December 24, 2021 by Catherine Viel
December 23, 2021
Every living heart…all over this broad land, will yet swell…, when again touched, as surely they will be, by the better angels of our nature. ~ Abraham Lincoln
How could I possibly be happy? It doesn’t look like the Reval has happened. It does look like lockdowns are happening. And as far as I know, Mr. Biden is still more or less occupying the White House.
I don’t think the truth about Covid has miraculously emerged into public consciousness. When I met someone yesterday he offered me a fist bump. The Goleta branch of my bank has closed temporarily because of “an outbreak of Covid among staff.” Yeah, that narrative is still going strong.
So, once again. How could I possibly be happy?
I am left to bemusedly wonder if all the platitudes about happiness being an inside job are, in fact, true.
Because there ain’t nothin’ happening out there to cause a sensation of peace and quiet joy to be bubbling around inside this shell of skin.
Things began quietly shifting, I began shifting, on the solstice two days ago. Then it was a rocky and largely uncomfortable day yesterday.
Today, pleasant, purposeful activity, and looking forward to this day and future days, seems to be on the menu.
Since I haven’t consciously done any magical incantations or diligently meditated, I’m left to conclude that something’s shifted within me that was ready to shift, and I didn’t need to do a darn thing to make it happen.
I’ve no idea of my future state of feelings, but at this moment, I’m experiencing a sense of looseness, an internal kind of relaxation, that I have rarely felt since the Covid fiasco was launched two years ago.
Like a pleasant underground hum, as if Earth herself is catlike purring, an untouchable contentment reigns. I just don’t give a rat’s patoot what “they“ do out there.
Golly, what should I do with this? I’m mildly astonished that I’ve been whipping through the endless to-do list in an effortless manner, enjoying conversations as I make appointments.
When I used to make paper to-do lists, I took grim satisfaction in drawing a heavy line through something I’d accomplished, and placing an emphatic checkmark next to it. I did something similar with electronic versions.
This time I’m doing something different. I simply delete the item. Off it goes into the ethers where things being done or undone matter not a bit.
Curiously, while I don’t have the self-satisfaction of accomplishment that used to placate my ego, I also don’t have a sense of despair at the lengthy list still to do.
It’s not that things don’t matter, precisely. It’s that I don’t seem to have an attachment to whether or not something is done. It’s all very loosey-goosey and intuitive, while simultaneously being practical and active.

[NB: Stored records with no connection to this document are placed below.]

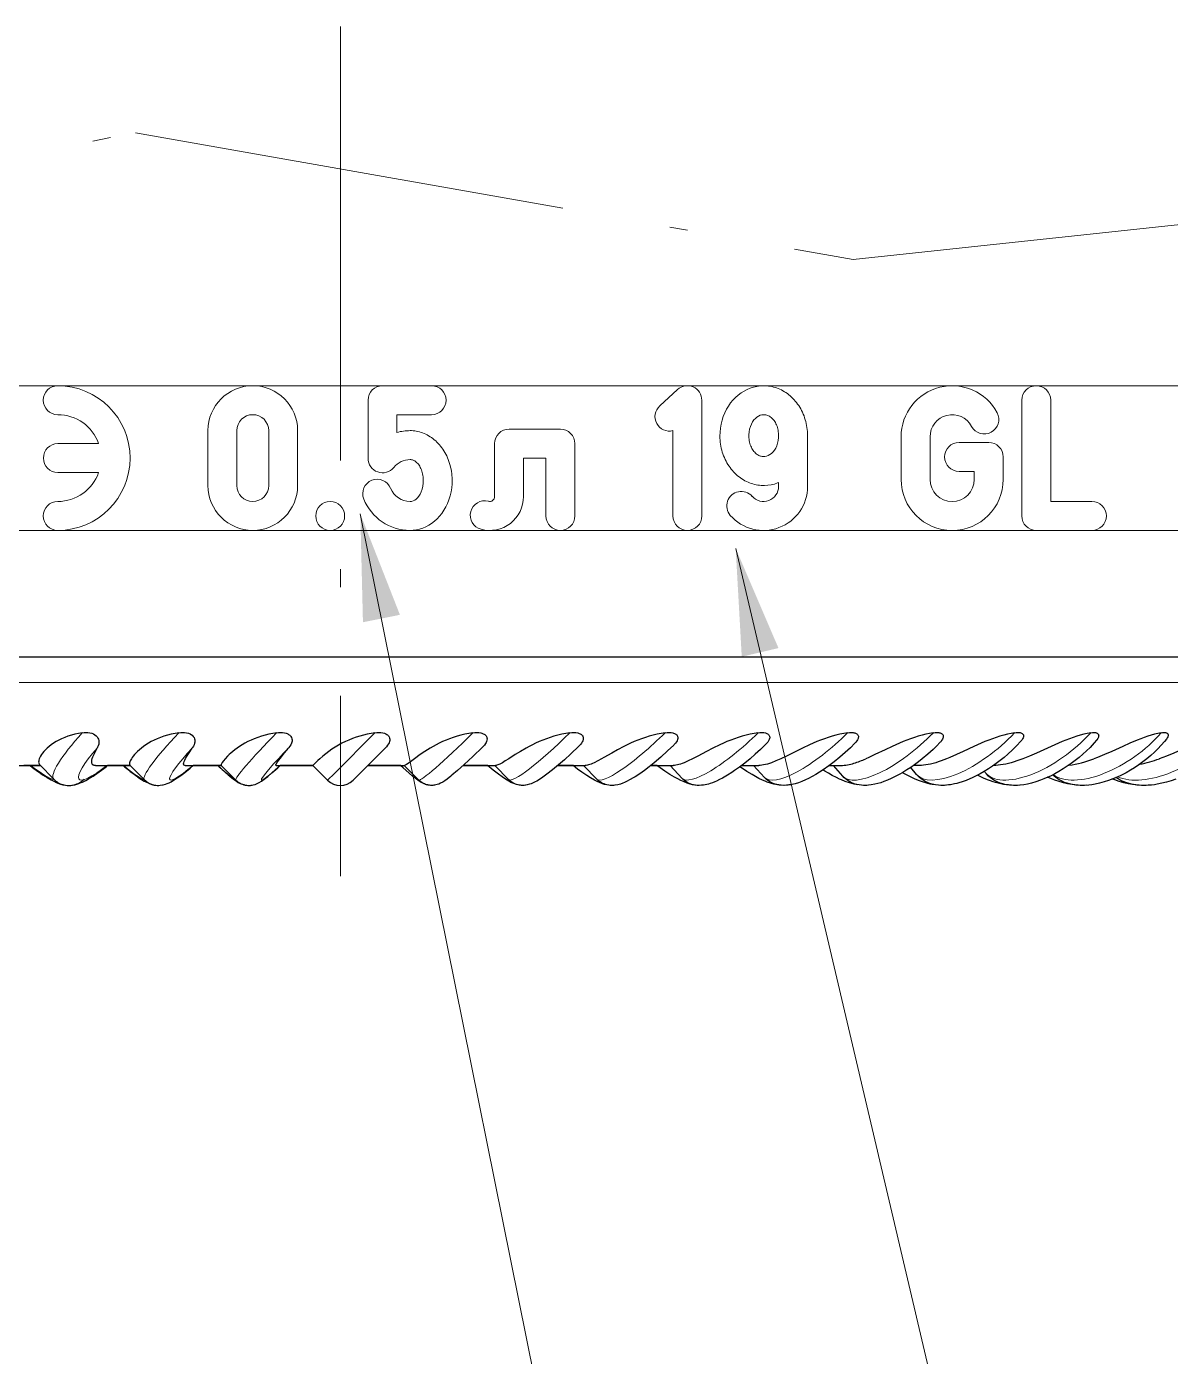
# Model space of a CAD drawing. Extents: x 0 to 297, y 0 to 420.
# Drawn here: x 215.02 to 246.64, y 127.89 to 164.65 of the extents above; entities that cross this region are included whole.
import ezdxf

# ---------------------------------------------------------------- set-up
doc = ezdxf.new("R2010")
doc.units = 0
doc.linetypes.add('DASHDOT', pattern=[18.5, 12, -3, 0.5, -3])

msp = doc.modelspace()

# ---------------------------------------------------------------- linework, layer by layer
at = {"linetype": 'DASHDOT', "lineweight": 13}
for p, q in [((223.697, 164.652), (223.697, 141.16)), ((183.96, 155.135), (218.029, 161.716)), ((218.029, 161.716), (237.876, 158.213)), ((237.876, 158.213), (263.559, 160.973))]:
    msp.add_line(p, q, dxfattribs=at)
at = {"lineweight": 13}
for p, q in [((217.071, 154.723), (194.957, 154.723)), ((217.071, 154.723), (265.689, 154.723)), ((216.147, 150.723), (194.544, 150.723)), ((216.147, 150.723), (272.272, 150.723)), ((216.147, 150.723), (265.689, 150.723)), ((238.997, 146.517), (191.785, 146.517))]:
    msp.add_line(p, q, dxfattribs=at)
at = {"lineweight": 13, "ltscale": 0.033931}
msp.add_line((226.219, 154.723), (224.862, 154.723), dxfattribs=at)
at = {"lineweight": 13, "ltscale": 0.016782}
msp.add_line((233.019, 154.618), (232.523, 154.165), dxfattribs=at)
at = {"lineweight": 13, "ltscale": 0.040173}
msp.add_line((224.462, 154.323), (224.462, 152.716), dxfattribs=at)
at = {"lineweight": 13, "ltscale": 0.08}
for p, q in [((233.688, 154.323), (233.688, 151.123)), ((242.533, 154.323), (242.533, 151.123))]:
    msp.add_line(p, q, dxfattribs=at)
at = {"lineweight": 13, "ltscale": 0.07}
msp.add_line((243.333, 154.323), (243.333, 151.523), dxfattribs=at)
at = {"lineweight": 13, "ltscale": 0.02393}
msp.add_line((226.219, 153.923), (225.262, 153.923), dxfattribs=at)
at = {"lineweight": 13, "ltscale": 0.012261}
msp.add_line((225.262, 153.923), (225.262, 153.433), dxfattribs=at)
at = {"lineweight": 13, "ltscale": 0.038042}
for p, q in [((220.037, 153.484), (220.037, 151.963)), ((220.837, 153.484), (220.837, 151.963)), ((221.715, 151.963), (221.715, 153.484)), ((222.515, 151.963), (222.515, 153.484))]:
    msp.add_line(p, q, dxfattribs=at)
at = {"lineweight": 13, "ltscale": 0.035481}
msp.add_line((229.779, 153.523), (228.36, 153.523), dxfattribs=at)
at = {"lineweight": 13, "ltscale": 0.058971}
msp.add_line((232.888, 153.481), (232.888, 151.123), dxfattribs=at)
at = {"lineweight": 13, "ltscale": 0.035063}
msp.add_line((236.611, 153.343), (236.611, 151.941), dxfattribs=at)
at = {"lineweight": 13, "ltscale": 0.029454}
for p, q in [((239.197, 153.312), (239.197, 152.134)), ((239.997, 153.312), (239.997, 152.134))]:
    msp.add_line(p, q, dxfattribs=at)
at = {"lineweight": 13, "ltscale": 0.028165}
for p, q in [((215.888, 153.123), (217.014, 153.123)), ((215.888, 152.323), (217.014, 152.323))]:
    msp.add_line(p, q, dxfattribs=at)
at = {"lineweight": 13, "ltscale": 0.036552}
msp.add_line((227.96, 153.123), (227.96, 151.661), dxfattribs=at)
at = {"lineweight": 13, "ltscale": 0.050007}
msp.add_line((230.179, 153.124), (230.179, 151.123), dxfattribs=at)
at = {"lineweight": 13, "ltscale": 0.020501}
msp.add_line((240.799, 153.154), (241.619, 153.154), dxfattribs=at)
at = {"lineweight": 13, "ltscale": 0.015485}
msp.add_line((229.379, 152.723), (228.76, 152.723), dxfattribs=at)
at = {"lineweight": 13, "ltscale": 0.026552}
msp.add_line((228.76, 152.723), (228.76, 151.661), dxfattribs=at)
at = {"lineweight": 13, "ltscale": 0.04}
msp.add_line((229.379, 151.123), (229.379, 152.723), dxfattribs=at)
at = {"lineweight": 13, "ltscale": 0.015493}
msp.add_line((242.019, 152.754), (242.019, 152.134), dxfattribs=at)
at = {"lineweight": 13, "ltscale": 0.010501}
msp.add_line((240.799, 152.354), (241.219, 152.354), dxfattribs=at)
at = {"lineweight": 13, "ltscale": 0.005493}
msp.add_line((241.219, 152.354), (241.219, 152.134), dxfattribs=at)
at = {"lineweight": 13, "ltscale": 0.002642}
msp.add_line((235.811, 152.046), (235.811, 151.941), dxfattribs=at)
at = {"lineweight": 13, "ltscale": 0.028433}
msp.add_line((243.333, 151.523), (244.47, 151.523), dxfattribs=at)
at = {"lineweight": 13, "ltscale": 0.038433}
msp.add_line((242.933, 150.723), (244.47, 150.723), dxfattribs=at)
at = {"lineweight": 30}
msp.add_line((239.101, 147.223), (191.567, 147.223), dxfattribs=at)
at = {"lineweight": 30, "ltscale": 0.41815}
msp.add_line((255.827, 147.223), (239.101, 147.223), dxfattribs=at)
at = {"lineweight": 13, "ltscale": 0.415315}
msp.add_line((255.609, 146.517), (238.997, 146.517), dxfattribs=at)
at = {"lineweight": 13, "ltscale": 0.039685}
msp.add_line((224.652, 145.128), (223.53, 144.006), dxfattribs=at)
at = {"lineweight": 30, "ltscale": 0.026236}
msp.add_line((224.936, 144.705), (224.194, 143.963), dxfattribs=at)
at = {"lineweight": 30, "ltscale": 0.022856}
msp.add_line((214.495, 144.223), (215.409, 144.223), dxfattribs=at)
at = {"lineweight": 30, "ltscale": 0.011518}
msp.add_line((215.408, 144.223), (214.947, 144.223), dxfattribs=at)
at = {"lineweight": 30, "ltscale": 0.014096}
msp.add_line((215.772, 143.846), (215.38, 144.252), dxfattribs=at)
at = {"lineweight": 30, "ltscale": 0.024158}
msp.add_line((216.926, 144.223), (217.892, 144.223), dxfattribs=at)
at = {"lineweight": 30, "ltscale": 0.015733}
msp.add_line((217.893, 144.223), (217.263, 144.223), dxfattribs=at)
at = {"lineweight": 30, "ltscale": 0.014206}
msp.add_line((218.278, 143.831), (217.88, 144.236), dxfattribs=at)
at = {"lineweight": 30, "ltscale": 0.025184}
msp.add_line((219.409, 144.223), (220.417, 144.223), dxfattribs=at)
at = {"lineweight": 30, "ltscale": 0.01963}
msp.add_line((220.417, 144.223), (219.631, 144.223), dxfattribs=at)
at = {"lineweight": 30, "ltscale": 0.014264}
msp.add_line((220.809, 143.823), (220.406, 144.227), dxfattribs=at)
at = {"lineweight": 30, "ltscale": 0.025377}
for p, q in [((221.925, 144.223), (222.94, 144.223)), ((224.454, 144.223), (225.469, 144.223))]:
    msp.add_line(p, q, dxfattribs=at)
at = {"lineweight": 30, "ltscale": 0.02263}
msp.add_line((222.94, 144.223), (222.035, 144.223), dxfattribs=at)
at = {"lineweight": 30, "ltscale": 0.014268}
msp.add_line((223.344, 143.82), (222.94, 144.223), dxfattribs=at)
at = {"lineweight": 30, "ltscale": 0.014269}
for p, q in [((223.344, 143.82), (222.94, 144.223)), ((224.051, 143.82), (224.454, 144.223))]:
    msp.add_line(p, q, dxfattribs=at)
at = {"lineweight": 30, "ltscale": 0.022631}
msp.add_line((225.359, 144.223), (224.454, 144.223), dxfattribs=at)
at = {"lineweight": 30, "ltscale": 0.014222}
msp.add_line((225.864, 143.823), (225.462, 144.226), dxfattribs=at)
at = {"lineweight": 30, "ltscale": 0.016824}
msp.add_line((227.763, 144.223), (227.09, 144.223), dxfattribs=at)
at = {"lineweight": 30, "ltscale": 0.022379}
msp.add_line((227.09, 144.223), (227.985, 144.223), dxfattribs=at)
at = {"lineweight": 30, "ltscale": 0.01375}
msp.add_line((228.35, 143.831), (227.964, 144.223), dxfattribs=at)
at = {"lineweight": 30, "ltscale": 0.019133}
msp.add_line((229.703, 144.223), (230.468, 144.223), dxfattribs=at)
at = {"lineweight": 30, "ltscale": 0.010676}
msp.add_line((230.131, 144.223), (229.704, 144.223), dxfattribs=at)
at = {"lineweight": 30, "ltscale": 0.013103}
msp.add_line((230.783, 143.846), (230.419, 144.223), dxfattribs=at)
at = {"lineweight": 30, "ltscale": 0.004338}
msp.add_line((232.448, 144.223), (232.275, 144.223), dxfattribs=at)
at = {"lineweight": 30, "ltscale": 0.015615}
msp.add_line((232.275, 144.223), (232.9, 144.223), dxfattribs=at)
at = {"lineweight": 30, "ltscale": 0.012199}
msp.add_line((233.145, 143.868), (232.811, 144.223), dxfattribs=at)
at = {"lineweight": 30, "ltscale": 0.011954}
msp.add_line((234.783, 144.223), (235.261, 144.223), dxfattribs=at)
at = {"lineweight": 30, "ltscale": 0.011036}
msp.add_line((235.417, 143.896), (235.121, 144.223), dxfattribs=at)
at = {"lineweight": 30, "ltscale": 0.008101}
msp.add_line((237.211, 144.223), (237.535, 144.223), dxfattribs=at)
at = {"lineweight": 30, "ltscale": 0.009593}
msp.add_line((237.582, 143.933), (237.331, 144.223), dxfattribs=at)
at = {"lineweight": 30, "ltscale": 0.006278}
msp.add_line((239.623, 143.978), (239.464, 144.172), dxfattribs=at)
at = {"lineweight": 30, "ltscale": 0.004112}
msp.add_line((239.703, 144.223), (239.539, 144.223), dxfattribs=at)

A little giggle wants to escape. How fun this can be! I’m suddenly reminded of all the times Dr. Peebles suggested that when I’m doing necessary tasks, remember to be conscious of doing them from the heart. Not because something has to be done.
Perhaps I’m uncovering an answer to, how can I possibly be happy? Apparently it’s the natural state I can be in when I am being and doing in concert with intuition and heart and connectedness with Divine.
I’m beginning to understand all the things that I’ve read which suggest something along those lines.
My bubble of complacency gets a bit of a prick when I contemplate the pouring rain, forecast to last all day, and think of homeless people and unsheltered domestic animals. Particularly Jesse the troubadour.
I can’t quite see him playing his guitar in front of Trader Joe’s, with cold rain splashing nearby, guitar case hopefully ajar as people hurry past, heads down, focused on stowing groceries in the car without getting things wet.
The inclement weather shelters should be open, though. And the library. And surely he has a couple dollars to buy a cup of coffee at Starbucks? He could probably linger for hours at the one downtown on De La Vina and Carrillo, with its comfortable leather lounge chairs and jazz music on the sound system.
Only people who have to be out in the rain today will be out. Workers and homeless people.
As for me and my small, cozy family, we are privileged to sit inside a warm home and watch the rain through the windows. Enjoy one another’s company. Contemplate nothing more arduous than what to have for dinner.
Perhaps I am complacent. But I am also wholeheartedly grateful and appreciative.
And I vow that when Reval money comes my way, I will happily fund the Transition House homeless program and all the local animal shelters. So no one will ever again have to be homeless in the rain in Santa Barbara.